# [What the task requires]
Where a line holds the word "normal", copy that line from the data below.
---+---
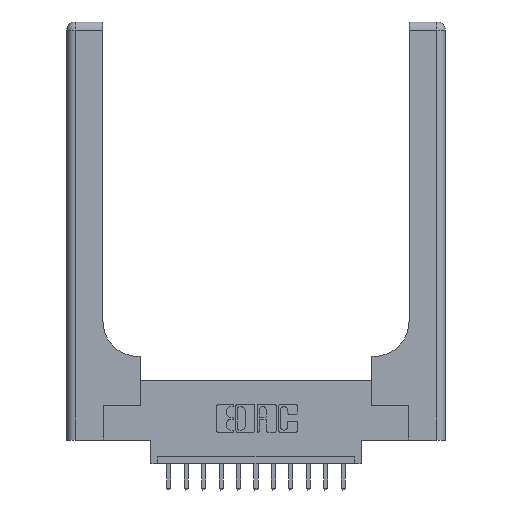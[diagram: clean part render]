
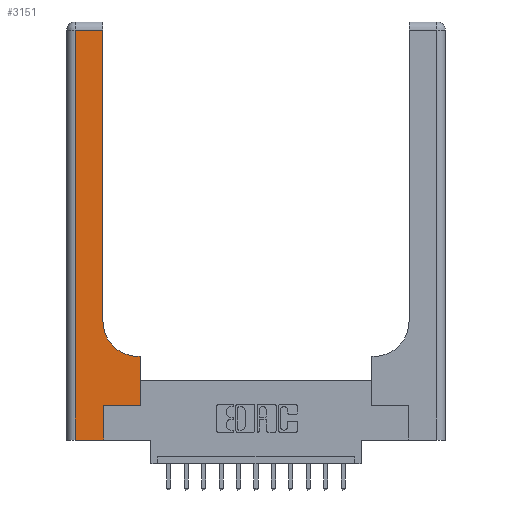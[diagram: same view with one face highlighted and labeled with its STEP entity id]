
A CAD part, top view. The second image highlights one B-rep face of the part: STEP entity #3151.
In plain terms, the highlighted planar face has unit normal (0, 0, 1).
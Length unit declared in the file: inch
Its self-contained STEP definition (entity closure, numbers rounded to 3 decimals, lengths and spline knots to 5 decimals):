
#94 = ORIENTED_EDGE ( 'NONE', *, *, #8680, .T. ) ;
#153 = CARTESIAN_POINT ( 'NONE',  ( 0.26, 0.6, 0.37 ) ) ;
#221 = LINE ( 'NONE', #9995, #11345 ) ;
#319 = VERTEX_POINT ( 'NONE', #3726 ) ;
#627 = DIRECTION ( 'NONE',  ( 0., 1., 0. ) ) ;
#725 = VERTEX_POINT ( 'NONE', #12524 ) ;
#825 = ORIENTED_EDGE ( 'NONE', *, *, #9555, .T. ) ;
#1000 = DIRECTION ( 'NONE',  ( 1., 0., 0. ) ) ;
#1454 = EDGE_CURVE ( 'NONE', #4338, #16381, #12581, .T. ) ;
#1530 = ORIENTED_EDGE ( 'NONE', *, *, #8544, .T. ) ;
#1602 = DIRECTION ( 'NONE',  ( 0., 0., -1. ) ) ;
#1620 = CARTESIAN_POINT ( 'NONE',  ( 0.265, 0.25, 0.37 ) ) ;
#1976 = EDGE_CURVE ( 'NONE', #725, #14035, #15314, .T. ) ;
#2055 = VECTOR ( 'NONE', #627, 39.37008 ) ;
#2172 = ORIENTED_EDGE ( 'NONE', *, *, #8038, .T. ) ;
#2369 = DIRECTION ( 'NONE',  ( 0., -1., 0. ) ) ;
#2734 = DIRECTION ( 'NONE',  ( -1., 0., 0. ) ) ;
#2797 = LINE ( 'NONE', #15505, #15893 ) ;
#2915 = DIRECTION ( 'NONE',  ( -1., 0., 0. ) ) ;
#3151 = ADVANCED_FACE ( 'NONE', ( #11131 ), #14239, .F. ) ;
#3588 = CIRCLE ( 'NONE', #5402, 0.25 ) ;
#3639 = ORIENTED_EDGE ( 'NONE', *, *, #1454, .T. ) ;
#3726 = CARTESIAN_POINT ( 'NONE',  ( 0.51, 0.6, 0.37 ) ) ;
#3732 = EDGE_LOOP ( 'NONE', ( #825, #3639, #94, #2172, #7700, #5151, #5743, #15028, #1530 ) ) ;
#4338 = VERTEX_POINT ( 'NONE', #11005 ) ;
#5151 = ORIENTED_EDGE ( 'NONE', *, *, #14387, .T. ) ;
#5402 = AXIS2_PLACEMENT_3D ( 'NONE', #8011, #1602, #10420 ) ;
#5743 = ORIENTED_EDGE ( 'NONE', *, *, #13564, .T. ) ;
#5795 = EDGE_CURVE ( 'NONE', #13540, #319, #14733, .T. ) ;
#5945 = VECTOR ( 'NONE', #10545, 39.37008 ) ;
#6386 = CARTESIAN_POINT ( 'NONE',  ( 0.06, 0., 0.37 ) ) ;
#6411 = LINE ( 'NONE', #7432, #16098 ) ;
#7432 = CARTESIAN_POINT ( 'NONE',  ( 0.06, 3., 0.37 ) ) ;
#7700 = ORIENTED_EDGE ( 'NONE', *, *, #1976, .T. ) ;
#7832 = CARTESIAN_POINT ( 'NONE',  ( 0.528, 0.25, 0.37 ) ) ;
#7951 = DIRECTION ( 'NONE',  ( 0., 1., 0. ) ) ;
#8011 = CARTESIAN_POINT ( 'NONE',  ( 0.51, 0.85, 0.37 ) ) ;
#8038 = EDGE_CURVE ( 'NONE', #11584, #725, #221, .T. ) ;
#8457 = DIRECTION ( 'NONE',  ( 0., 1., 0. ) ) ;
#8544 = EDGE_CURVE ( 'NONE', #319, #11101, #3588, .T. ) ;
#8680 = EDGE_CURVE ( 'NONE', #16381, #11584, #6411, .T. ) ;
#9069 = CARTESIAN_POINT ( 'NONE',  ( 0., 2.94, 0.37 ) ) ;
#9213 = VECTOR ( 'NONE', #12717, 39.37008 ) ;
#9555 = EDGE_CURVE ( 'NONE', #11101, #4338, #2797, .T. ) ;
#9995 = CARTESIAN_POINT ( 'NONE',  ( 0., 0., 0.37 ) ) ;
#10420 = DIRECTION ( 'NONE',  ( 1., 0., 0. ) ) ;
#10505 = CARTESIAN_POINT ( 'NONE',  ( 0., 3., 0.37 ) ) ;
#10545 = DIRECTION ( 'NONE',  ( 1., 0., 0. ) ) ;
#10943 = VERTEX_POINT ( 'NONE', #7832 ) ;
#11005 = CARTESIAN_POINT ( 'NONE',  ( 0.26, 2.94, 0.37 ) ) ;
#11101 = VERTEX_POINT ( 'NONE', #12382 ) ;
#11131 = FACE_OUTER_BOUND ( 'NONE', #3732, .T. ) ;
#11345 = VECTOR ( 'NONE', #1000, 39.37008 ) ;
#11584 = VERTEX_POINT ( 'NONE', #6386 ) ;
#11840 = DIRECTION ( 'NONE',  ( 0., 0., -1. ) ) ;
#12139 = CARTESIAN_POINT ( 'NONE',  ( 0.265, 0., 0.37 ) ) ;
#12382 = CARTESIAN_POINT ( 'NONE',  ( 0.26, 0.85, 0.37 ) ) ;
#12524 = CARTESIAN_POINT ( 'NONE',  ( 0.265, 0., 0.37 ) ) ;
#12581 = LINE ( 'NONE', #9069, #9213 ) ;
#12636 = LINE ( 'NONE', #1620, #5945 ) ;
#12717 = DIRECTION ( 'NONE',  ( -1., 0., 0. ) ) ;
#12853 = VECTOR ( 'NONE', #8457, 39.37008 ) ;
#13016 = CARTESIAN_POINT ( 'NONE',  ( 0.265, 0.25, 0.37 ) ) ;
#13040 = LINE ( 'NONE', #15986, #12853 ) ;
#13254 = CARTESIAN_POINT ( 'NONE',  ( 0.528, 0.6, 0.37 ) ) ;
#13540 = VERTEX_POINT ( 'NONE', #13254 ) ;
#13564 = EDGE_CURVE ( 'NONE', #10943, #13540, #13040, .T. ) ;
#13776 = AXIS2_PLACEMENT_3D ( 'NONE', #10505, #11840, #2915 ) ;
#13783 = CARTESIAN_POINT ( 'NONE',  ( 0.06, 2.94, 0.37 ) ) ;
#14035 = VERTEX_POINT ( 'NONE', #13016 ) ;
#14239 = PLANE ( 'NONE',  #13776 ) ;
#14387 = EDGE_CURVE ( 'NONE', #14035, #10943, #12636, .T. ) ;
#14733 = LINE ( 'NONE', #153, #15774 ) ;
#15028 = ORIENTED_EDGE ( 'NONE', *, *, #5795, .T. ) ;
#15314 = LINE ( 'NONE', #12139, #2055 ) ;
#15505 = CARTESIAN_POINT ( 'NONE',  ( 0.26, 3., 0.37 ) ) ;
#15774 = VECTOR ( 'NONE', #2734, 39.37008 ) ;
#15893 = VECTOR ( 'NONE', #7951, 39.37008 ) ;
#15986 = CARTESIAN_POINT ( 'NONE',  ( 0.528, 0.25, 0.37 ) ) ;
#16098 = VECTOR ( 'NONE', #2369, 39.37008 ) ;
#16381 = VERTEX_POINT ( 'NONE', #13783 ) ;
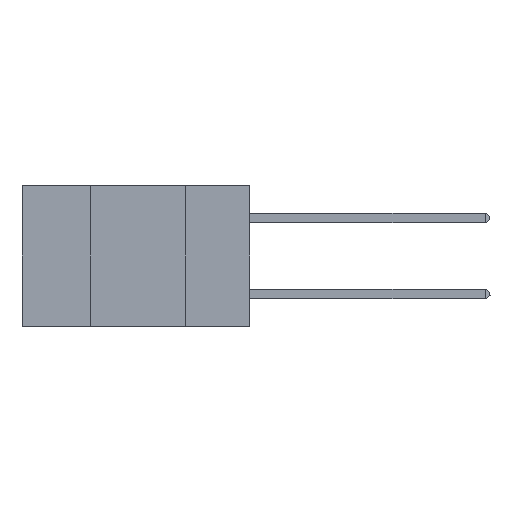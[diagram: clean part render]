
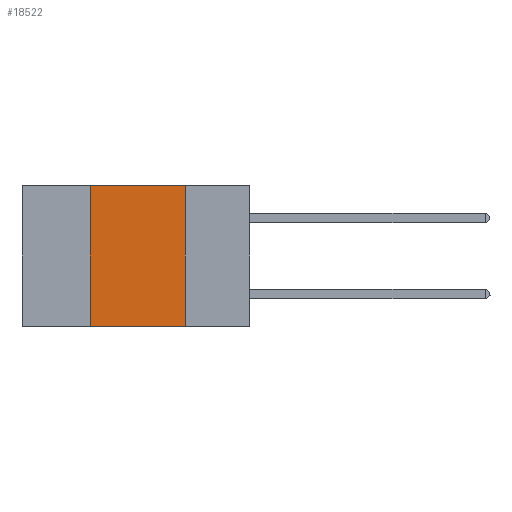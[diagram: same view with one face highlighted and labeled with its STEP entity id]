
A CAD part, left-side view. The second image highlights one B-rep face of the part: STEP entity #18522.
In plain terms, the highlighted planar face has unit normal (-1, 0, 0).
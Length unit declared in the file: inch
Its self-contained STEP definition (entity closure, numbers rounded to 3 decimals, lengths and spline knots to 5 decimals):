
#187 = DIRECTION ( 'NONE',  ( 0., 0., -1. ) ) ;
#304 = LINE ( 'NONE', #28024, #8404 ) ;
#516 = VERTEX_POINT ( 'NONE', #20600 ) ;
#810 = LINE ( 'NONE', #25845, #19197 ) ;
#903 = CARTESIAN_POINT ( 'NONE',  ( 0., 0.17, 0. ) ) ;
#1301 = CARTESIAN_POINT ( 'NONE',  ( 0., 0.42, 0. ) ) ;
#1750 = LINE ( 'NONE', #6615, #13098 ) ;
#2109 = DIRECTION ( 'NONE',  ( 0., -1., 0. ) ) ;
#3122 = VERTEX_POINT ( 'NONE', #903 ) ;
#3988 = FACE_OUTER_BOUND ( 'NONE', #22145, .T. ) ;
#4487 = ORIENTED_EDGE ( 'NONE', *, *, #19738, .F. ) ;
#6208 = DIRECTION ( 'NONE',  ( 0., 0., -1. ) ) ;
#6615 = CARTESIAN_POINT ( 'NONE',  ( 0., 0.6, 0. ) ) ;
#8404 = VECTOR ( 'NONE', #30392, 39.37008 ) ;
#10659 = ORIENTED_EDGE ( 'NONE', *, *, #23589, .F. ) ;
#11277 = EDGE_CURVE ( 'NONE', #24458, #516, #304, .T. ) ;
#11631 = ORIENTED_EDGE ( 'NONE', *, *, #11277, .T. ) ;
#11750 = LINE ( 'NONE', #23707, #26106 ) ;
#13098 = VECTOR ( 'NONE', #2109, 39.37008 ) ;
#18094 = EDGE_CURVE ( 'NONE', #3122, #516, #11750, .T. ) ;
#18522 = ADVANCED_FACE ( 'NONE', ( #3988 ), #27674, .F. ) ;
#19197 = VECTOR ( 'NONE', #23402, 39.37008 ) ;
#19738 = EDGE_CURVE ( 'NONE', #25680, #3122, #1750, .T. ) ;
#20526 = CARTESIAN_POINT ( 'NONE',  ( 0., 0.6, 0. ) ) ;
#20600 = CARTESIAN_POINT ( 'NONE',  ( 0., 0.17, -0.37 ) ) ;
#22145 = EDGE_LOOP ( 'NONE', ( #22344, #4487, #10659, #11631 ) ) ;
#22344 = ORIENTED_EDGE ( 'NONE', *, *, #18094, .F. ) ;
#22652 = DIRECTION ( 'NONE',  ( 1., 0., 0. ) ) ;
#23402 = DIRECTION ( 'NONE',  ( 0., 0., 1. ) ) ;
#23589 = EDGE_CURVE ( 'NONE', #24458, #25680, #810, .T. ) ;
#23707 = CARTESIAN_POINT ( 'NONE',  ( 0., 0.17, 0. ) ) ;
#24458 = VERTEX_POINT ( 'NONE', #26703 ) ;
#25680 = VERTEX_POINT ( 'NONE', #1301 ) ;
#25845 = CARTESIAN_POINT ( 'NONE',  ( 0., 0.42, 0. ) ) ;
#25980 = AXIS2_PLACEMENT_3D ( 'NONE', #20526, #22652, #6208 ) ;
#26106 = VECTOR ( 'NONE', #187, 39.37008 ) ;
#26703 = CARTESIAN_POINT ( 'NONE',  ( 0., 0.42, -0.37 ) ) ;
#27674 = PLANE ( 'NONE',  #25980 ) ;
#28024 = CARTESIAN_POINT ( 'NONE',  ( 0., 0.6, -0.37 ) ) ;
#30392 = DIRECTION ( 'NONE',  ( 0., -1., 0. ) ) ;
---+---
# [Response box]
In plain terms, the highlighted planar face has unit normal (0, 0, 1).
In plain terms, the highlighted planar face has unit normal (-1, 0, 0).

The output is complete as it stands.